Wednesday, August 1, 2012

BEBUT'S TRAIL VIII: Map Reading Practicals


MAP READING IS a rather technical subject with understanding influenced greatly by the magnetic needle of a compass and by your interpretation of your surroundings into your map. I learned the basics of map reading while with the Boy Scout movement in the ‘70s under the tutelage of the best scoutmaster in the country - the late Sergio Damazo Jr.; and progress into a much better navigator while in Tanay, Rizal in the late ‘80s.


This year – 2012 – is my first time to teach map reading to a group of people and I thought it easy but it is not. It’s different when you are the recipient of knowledge instead of the one giving it. All my life had been used to receiving such valued instructions and I am very grateful for all my very patient teachers. I am not trained to be a teacher but, this time, I have to start acting like one --- even for free!

I did my first lecture about map reading on March 18, 2012 and nine individuals from the different outdoors groups came. I held my morning activity indoors at one of the abandoned buildings of the Department of Agriculture compound in M. Velez Street, Guadalupe, Cebu City. The afternoon segment was dedicated to the practicals at the hills above Guadalupe and Banawa. Critique and review came afterwards.

Aiming to improve my manner of instructions, I scheduled another session for April 29 at the same locations and I may have to accompany the participants, especially during the actual part, so all could fully absorb and understand the mechanics of reading a map in harmony with the compass. Three participants of the previous class availed of this free lecture while two first-timers join the rest.
 

I start the instructions at 7:30 AM inside the room where a bare wall with light blue paint became an improvised blackboard. Unhinged doors propped up with wood crates were used as benches, improving the classroom situation in a more relaxed manner. As usual, I have my set of maps that will be used as instructional aids, my chalks, my lecture handouts and photocopies of the city map under section 3721-I. 
 

The first order of lecture touched on the basic information found in the topographic map and the rudiments of using a compass. Succeeding instructions proceeded with how to use the grid lines; how to place and identify land shapes into the locations found on a map; how to orient the map with the compass; how to get a bearing and how to interpret these bearings into your grid coordinates.

The instructions move surprisingly very fast that, at 9:30 AM, it is over for the indoor lecture. I doubt it very much that I have mastered the art of teaching map reading to others but it is just simply that I have a present set of students who absorb all what I taught like water on sponge. I could not be more happy than to end this in lesser time than what I have expected.


So, we leave the DA Compound for the direction of Guadalupe church. We may have to eat a meal – a brunch – to better prepare us for the difficult part of the activity. By 10:30 AM, we start to head for The Portal, by way of Bebut’s Trail. Along the way, we may also have to tackle Heartbreak Ridge on a hot almost-noontime sun. Walking up a hill with a map and compass presents a good combination of brawn and brain exercise.

The sun – the tormentor at Heartbreak Ridge – gave us a wide berth and did not show face until we reach the treeline. In between, the boys tried their best sighting azimuths on reference points and drawing straight lines or the back azimuths on their test maps. One such bearing was taken at the very place where there is a tunnel vent. Participants are forbidden to use GPS.


Everybody are instructed to locate three positions using the resection or triangulation method; one location using a modified resection method; and another location using dead reckoning. The last task requires self to develop the skill to analyze and find your own position when you run out of reference points to sight upon. All were up to the challenge and manage to finish an imaginary short orienteering course in less time.

We leave The Portal at 12:30 noon bound for a small community where there is a native version of a gazebo with a good supply of water. One participant carried a camp stove, fuel and cook set. I remember us buying sachets of instant coffee from a store and so we boil water for that. After the coffee break, the participants took readings of our present location as a bonus. It seems to me that they are hard to stop when they start on to something.
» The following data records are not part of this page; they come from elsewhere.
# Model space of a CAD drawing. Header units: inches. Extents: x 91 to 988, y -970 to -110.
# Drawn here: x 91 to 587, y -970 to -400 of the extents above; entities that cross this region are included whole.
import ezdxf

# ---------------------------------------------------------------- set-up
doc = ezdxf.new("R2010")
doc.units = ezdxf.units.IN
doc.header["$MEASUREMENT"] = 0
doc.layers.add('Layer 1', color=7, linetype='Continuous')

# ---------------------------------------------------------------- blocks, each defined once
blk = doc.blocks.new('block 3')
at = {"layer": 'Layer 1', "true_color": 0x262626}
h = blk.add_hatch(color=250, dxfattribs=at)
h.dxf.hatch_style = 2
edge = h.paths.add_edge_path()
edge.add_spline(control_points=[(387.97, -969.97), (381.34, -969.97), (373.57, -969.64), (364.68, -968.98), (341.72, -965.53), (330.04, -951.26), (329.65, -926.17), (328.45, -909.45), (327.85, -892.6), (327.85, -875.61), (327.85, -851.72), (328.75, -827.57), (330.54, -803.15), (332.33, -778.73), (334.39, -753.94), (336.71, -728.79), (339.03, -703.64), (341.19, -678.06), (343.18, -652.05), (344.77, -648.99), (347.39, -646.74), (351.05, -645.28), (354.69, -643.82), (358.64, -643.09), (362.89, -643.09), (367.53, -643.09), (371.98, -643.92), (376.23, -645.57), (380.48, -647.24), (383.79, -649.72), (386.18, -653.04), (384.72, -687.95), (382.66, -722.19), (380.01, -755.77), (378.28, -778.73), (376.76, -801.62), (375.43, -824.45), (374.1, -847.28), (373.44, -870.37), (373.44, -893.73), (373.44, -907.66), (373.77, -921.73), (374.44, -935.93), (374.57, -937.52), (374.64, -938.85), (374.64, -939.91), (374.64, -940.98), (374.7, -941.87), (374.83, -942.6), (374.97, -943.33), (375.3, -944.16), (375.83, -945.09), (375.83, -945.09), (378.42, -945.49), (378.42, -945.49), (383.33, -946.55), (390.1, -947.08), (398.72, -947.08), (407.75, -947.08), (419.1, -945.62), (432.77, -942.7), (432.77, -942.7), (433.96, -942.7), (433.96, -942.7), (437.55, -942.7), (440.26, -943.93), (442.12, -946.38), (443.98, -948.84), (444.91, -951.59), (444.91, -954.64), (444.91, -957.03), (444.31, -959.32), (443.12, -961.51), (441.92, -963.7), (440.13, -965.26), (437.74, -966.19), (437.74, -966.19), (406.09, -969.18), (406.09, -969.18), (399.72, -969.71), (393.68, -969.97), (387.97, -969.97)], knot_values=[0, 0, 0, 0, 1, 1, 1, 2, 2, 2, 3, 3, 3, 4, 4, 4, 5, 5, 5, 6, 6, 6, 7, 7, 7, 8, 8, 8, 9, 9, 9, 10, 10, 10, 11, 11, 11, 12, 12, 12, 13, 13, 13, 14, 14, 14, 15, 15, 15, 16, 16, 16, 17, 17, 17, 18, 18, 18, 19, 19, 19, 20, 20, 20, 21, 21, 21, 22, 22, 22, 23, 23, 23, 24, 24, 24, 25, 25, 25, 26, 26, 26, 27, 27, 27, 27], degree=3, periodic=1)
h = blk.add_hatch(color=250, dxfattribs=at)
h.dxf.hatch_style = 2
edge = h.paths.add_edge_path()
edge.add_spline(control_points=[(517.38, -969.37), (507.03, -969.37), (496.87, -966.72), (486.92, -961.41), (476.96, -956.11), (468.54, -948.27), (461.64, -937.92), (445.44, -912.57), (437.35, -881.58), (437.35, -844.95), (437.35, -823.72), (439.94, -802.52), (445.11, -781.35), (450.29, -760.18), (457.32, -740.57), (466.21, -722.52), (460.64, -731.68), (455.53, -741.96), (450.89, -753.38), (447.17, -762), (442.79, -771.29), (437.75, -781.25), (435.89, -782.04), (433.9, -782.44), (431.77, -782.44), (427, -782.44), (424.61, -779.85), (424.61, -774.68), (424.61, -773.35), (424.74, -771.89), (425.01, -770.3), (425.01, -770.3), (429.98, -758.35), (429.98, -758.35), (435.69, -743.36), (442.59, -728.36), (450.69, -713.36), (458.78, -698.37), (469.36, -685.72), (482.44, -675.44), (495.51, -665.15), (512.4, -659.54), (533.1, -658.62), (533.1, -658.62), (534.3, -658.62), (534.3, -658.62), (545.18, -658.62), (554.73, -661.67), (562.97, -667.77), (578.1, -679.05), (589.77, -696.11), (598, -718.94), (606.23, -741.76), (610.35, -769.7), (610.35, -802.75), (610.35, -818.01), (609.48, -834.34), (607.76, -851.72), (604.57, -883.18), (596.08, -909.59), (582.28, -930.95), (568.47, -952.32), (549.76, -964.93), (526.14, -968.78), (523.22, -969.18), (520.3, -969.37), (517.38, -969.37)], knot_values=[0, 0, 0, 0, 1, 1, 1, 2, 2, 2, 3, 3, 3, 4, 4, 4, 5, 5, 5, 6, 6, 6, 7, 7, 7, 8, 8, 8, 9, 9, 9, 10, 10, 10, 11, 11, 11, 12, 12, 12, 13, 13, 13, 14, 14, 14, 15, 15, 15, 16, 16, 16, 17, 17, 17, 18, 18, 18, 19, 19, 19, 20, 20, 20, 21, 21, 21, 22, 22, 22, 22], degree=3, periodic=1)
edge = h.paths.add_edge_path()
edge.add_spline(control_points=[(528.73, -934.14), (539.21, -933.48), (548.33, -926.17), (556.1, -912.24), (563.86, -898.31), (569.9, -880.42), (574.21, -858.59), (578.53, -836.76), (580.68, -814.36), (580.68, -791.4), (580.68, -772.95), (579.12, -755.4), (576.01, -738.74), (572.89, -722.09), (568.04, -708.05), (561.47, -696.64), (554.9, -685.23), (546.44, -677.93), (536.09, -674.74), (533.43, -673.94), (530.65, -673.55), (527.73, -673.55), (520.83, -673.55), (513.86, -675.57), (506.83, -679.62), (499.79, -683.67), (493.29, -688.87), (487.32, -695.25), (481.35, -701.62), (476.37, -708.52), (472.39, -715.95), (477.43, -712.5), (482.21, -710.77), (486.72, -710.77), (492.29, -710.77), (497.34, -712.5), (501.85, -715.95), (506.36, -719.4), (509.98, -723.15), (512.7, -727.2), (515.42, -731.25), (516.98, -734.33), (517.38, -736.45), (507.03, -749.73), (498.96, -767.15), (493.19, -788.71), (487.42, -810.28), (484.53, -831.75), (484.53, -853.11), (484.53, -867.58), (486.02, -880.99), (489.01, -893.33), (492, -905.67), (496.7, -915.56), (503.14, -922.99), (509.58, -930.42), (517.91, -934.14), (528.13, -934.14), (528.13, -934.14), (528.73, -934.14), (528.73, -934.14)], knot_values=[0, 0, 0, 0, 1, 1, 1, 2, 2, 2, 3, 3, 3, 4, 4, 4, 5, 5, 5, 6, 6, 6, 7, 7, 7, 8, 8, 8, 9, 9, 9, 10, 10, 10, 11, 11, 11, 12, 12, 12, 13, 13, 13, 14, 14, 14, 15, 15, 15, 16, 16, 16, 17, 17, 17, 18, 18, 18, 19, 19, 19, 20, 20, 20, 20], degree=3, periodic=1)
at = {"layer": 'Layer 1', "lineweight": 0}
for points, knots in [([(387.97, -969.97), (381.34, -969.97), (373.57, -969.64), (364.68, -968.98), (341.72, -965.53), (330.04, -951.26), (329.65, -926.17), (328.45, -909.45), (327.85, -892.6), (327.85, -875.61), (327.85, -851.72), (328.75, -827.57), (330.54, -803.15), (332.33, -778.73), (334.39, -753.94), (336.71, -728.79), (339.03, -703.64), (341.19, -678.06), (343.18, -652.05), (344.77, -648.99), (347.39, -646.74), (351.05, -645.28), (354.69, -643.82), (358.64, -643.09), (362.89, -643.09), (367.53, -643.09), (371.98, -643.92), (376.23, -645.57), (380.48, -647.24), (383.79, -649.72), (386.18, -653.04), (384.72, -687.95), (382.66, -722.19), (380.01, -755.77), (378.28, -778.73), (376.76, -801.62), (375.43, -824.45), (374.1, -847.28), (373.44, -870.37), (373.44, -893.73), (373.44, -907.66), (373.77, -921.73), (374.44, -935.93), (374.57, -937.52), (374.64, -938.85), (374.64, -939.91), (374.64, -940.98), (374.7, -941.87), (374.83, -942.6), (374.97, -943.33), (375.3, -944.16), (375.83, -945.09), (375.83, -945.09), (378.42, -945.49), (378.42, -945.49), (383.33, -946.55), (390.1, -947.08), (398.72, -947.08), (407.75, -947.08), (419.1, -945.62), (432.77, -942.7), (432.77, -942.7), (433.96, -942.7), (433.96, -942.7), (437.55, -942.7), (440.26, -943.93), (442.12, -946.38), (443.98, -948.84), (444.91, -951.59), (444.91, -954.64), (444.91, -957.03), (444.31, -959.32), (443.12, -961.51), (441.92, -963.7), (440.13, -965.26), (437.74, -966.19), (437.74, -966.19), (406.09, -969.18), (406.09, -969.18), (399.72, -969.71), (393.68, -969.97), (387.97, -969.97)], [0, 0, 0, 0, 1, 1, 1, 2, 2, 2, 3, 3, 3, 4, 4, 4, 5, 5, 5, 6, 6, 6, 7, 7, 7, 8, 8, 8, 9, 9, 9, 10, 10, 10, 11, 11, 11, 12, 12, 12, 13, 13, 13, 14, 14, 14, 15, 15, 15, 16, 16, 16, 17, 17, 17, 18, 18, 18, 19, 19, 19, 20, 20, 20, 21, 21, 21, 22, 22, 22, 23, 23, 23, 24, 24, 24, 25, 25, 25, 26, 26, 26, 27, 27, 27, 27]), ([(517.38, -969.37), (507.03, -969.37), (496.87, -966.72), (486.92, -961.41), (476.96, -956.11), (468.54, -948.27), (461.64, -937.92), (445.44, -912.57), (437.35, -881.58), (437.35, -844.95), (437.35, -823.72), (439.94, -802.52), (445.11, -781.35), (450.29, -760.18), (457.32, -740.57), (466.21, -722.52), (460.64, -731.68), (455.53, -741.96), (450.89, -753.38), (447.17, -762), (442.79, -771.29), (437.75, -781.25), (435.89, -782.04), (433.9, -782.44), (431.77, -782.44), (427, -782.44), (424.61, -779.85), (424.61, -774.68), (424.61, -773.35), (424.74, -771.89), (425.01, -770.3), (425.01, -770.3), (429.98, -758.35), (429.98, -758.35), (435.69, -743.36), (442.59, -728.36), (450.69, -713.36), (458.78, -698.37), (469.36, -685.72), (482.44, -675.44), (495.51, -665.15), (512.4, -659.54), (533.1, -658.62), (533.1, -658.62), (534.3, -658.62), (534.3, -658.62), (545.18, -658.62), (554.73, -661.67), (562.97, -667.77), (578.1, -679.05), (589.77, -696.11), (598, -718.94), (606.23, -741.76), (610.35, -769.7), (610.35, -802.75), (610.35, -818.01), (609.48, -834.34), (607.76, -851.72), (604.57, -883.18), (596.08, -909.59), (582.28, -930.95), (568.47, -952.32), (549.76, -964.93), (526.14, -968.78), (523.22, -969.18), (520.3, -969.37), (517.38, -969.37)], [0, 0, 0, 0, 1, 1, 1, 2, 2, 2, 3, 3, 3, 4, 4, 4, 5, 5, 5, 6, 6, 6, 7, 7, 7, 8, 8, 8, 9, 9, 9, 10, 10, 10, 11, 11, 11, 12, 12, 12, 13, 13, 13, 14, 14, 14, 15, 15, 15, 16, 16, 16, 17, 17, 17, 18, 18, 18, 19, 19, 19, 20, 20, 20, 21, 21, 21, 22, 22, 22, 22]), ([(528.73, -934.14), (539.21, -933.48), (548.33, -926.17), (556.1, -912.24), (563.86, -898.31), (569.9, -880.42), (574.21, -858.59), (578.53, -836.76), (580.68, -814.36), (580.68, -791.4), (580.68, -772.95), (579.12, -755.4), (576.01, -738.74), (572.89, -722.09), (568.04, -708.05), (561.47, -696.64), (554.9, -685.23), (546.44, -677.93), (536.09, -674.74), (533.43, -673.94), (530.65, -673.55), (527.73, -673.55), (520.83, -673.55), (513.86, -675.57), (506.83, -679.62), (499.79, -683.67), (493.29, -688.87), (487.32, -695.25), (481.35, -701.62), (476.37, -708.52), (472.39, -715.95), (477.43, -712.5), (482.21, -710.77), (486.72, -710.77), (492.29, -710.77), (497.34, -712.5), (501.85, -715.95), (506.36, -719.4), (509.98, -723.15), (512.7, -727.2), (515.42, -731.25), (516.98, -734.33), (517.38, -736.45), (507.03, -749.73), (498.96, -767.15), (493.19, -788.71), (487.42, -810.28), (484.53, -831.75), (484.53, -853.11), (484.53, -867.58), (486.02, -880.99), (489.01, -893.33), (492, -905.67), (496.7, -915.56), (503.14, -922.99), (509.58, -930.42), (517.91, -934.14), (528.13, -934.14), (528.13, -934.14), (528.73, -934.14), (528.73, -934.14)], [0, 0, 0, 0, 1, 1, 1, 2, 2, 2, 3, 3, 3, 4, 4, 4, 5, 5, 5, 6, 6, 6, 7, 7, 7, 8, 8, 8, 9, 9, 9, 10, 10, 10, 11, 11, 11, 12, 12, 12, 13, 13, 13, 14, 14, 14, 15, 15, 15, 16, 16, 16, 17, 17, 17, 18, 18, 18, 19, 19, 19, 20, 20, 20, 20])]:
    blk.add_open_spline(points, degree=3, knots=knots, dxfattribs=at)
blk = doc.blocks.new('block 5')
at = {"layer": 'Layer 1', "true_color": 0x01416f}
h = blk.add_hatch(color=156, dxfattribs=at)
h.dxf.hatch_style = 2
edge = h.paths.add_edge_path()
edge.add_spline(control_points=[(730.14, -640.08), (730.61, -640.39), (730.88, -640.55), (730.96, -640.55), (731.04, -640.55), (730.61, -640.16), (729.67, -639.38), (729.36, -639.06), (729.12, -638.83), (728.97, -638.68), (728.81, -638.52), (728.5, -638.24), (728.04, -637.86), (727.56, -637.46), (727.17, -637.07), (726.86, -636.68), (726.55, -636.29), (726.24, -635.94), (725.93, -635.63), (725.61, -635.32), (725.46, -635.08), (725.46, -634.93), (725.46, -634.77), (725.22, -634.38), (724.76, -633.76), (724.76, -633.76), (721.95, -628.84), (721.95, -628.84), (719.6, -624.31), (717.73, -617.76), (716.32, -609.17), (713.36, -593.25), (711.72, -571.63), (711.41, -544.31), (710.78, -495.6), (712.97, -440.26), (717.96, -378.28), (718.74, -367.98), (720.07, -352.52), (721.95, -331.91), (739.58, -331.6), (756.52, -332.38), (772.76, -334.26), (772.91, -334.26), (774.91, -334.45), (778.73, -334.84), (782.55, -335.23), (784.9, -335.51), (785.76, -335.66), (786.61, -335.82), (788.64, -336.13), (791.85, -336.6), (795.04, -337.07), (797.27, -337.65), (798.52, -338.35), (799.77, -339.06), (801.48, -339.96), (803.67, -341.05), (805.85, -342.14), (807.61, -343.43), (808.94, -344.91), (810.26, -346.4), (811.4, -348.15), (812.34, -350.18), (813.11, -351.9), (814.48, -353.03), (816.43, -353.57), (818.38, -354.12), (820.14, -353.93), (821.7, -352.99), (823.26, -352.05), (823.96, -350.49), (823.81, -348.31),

We leave the place at 1:30 PM, the participants fully assured that they have complied with my map reading requirements. There is one more task to do and it will commence an hour from now. We walk down the road from Baksan to Sapangdaku crossing by a river spillway then on to Guadalupe. 
 

We transfer to the Red Hours Convenience Store in M. Velez Street, just across the old DA Compound, where I conduct critique and review of the participants’ test maps over glasses of ice-cold beer. Over these same glasses, I teach them how to plot and connect each position and how to read their grid coordinates. At the end of the day, my Grassroots Bushcraft Teaching Series about Map Reading navigate itself to good waters.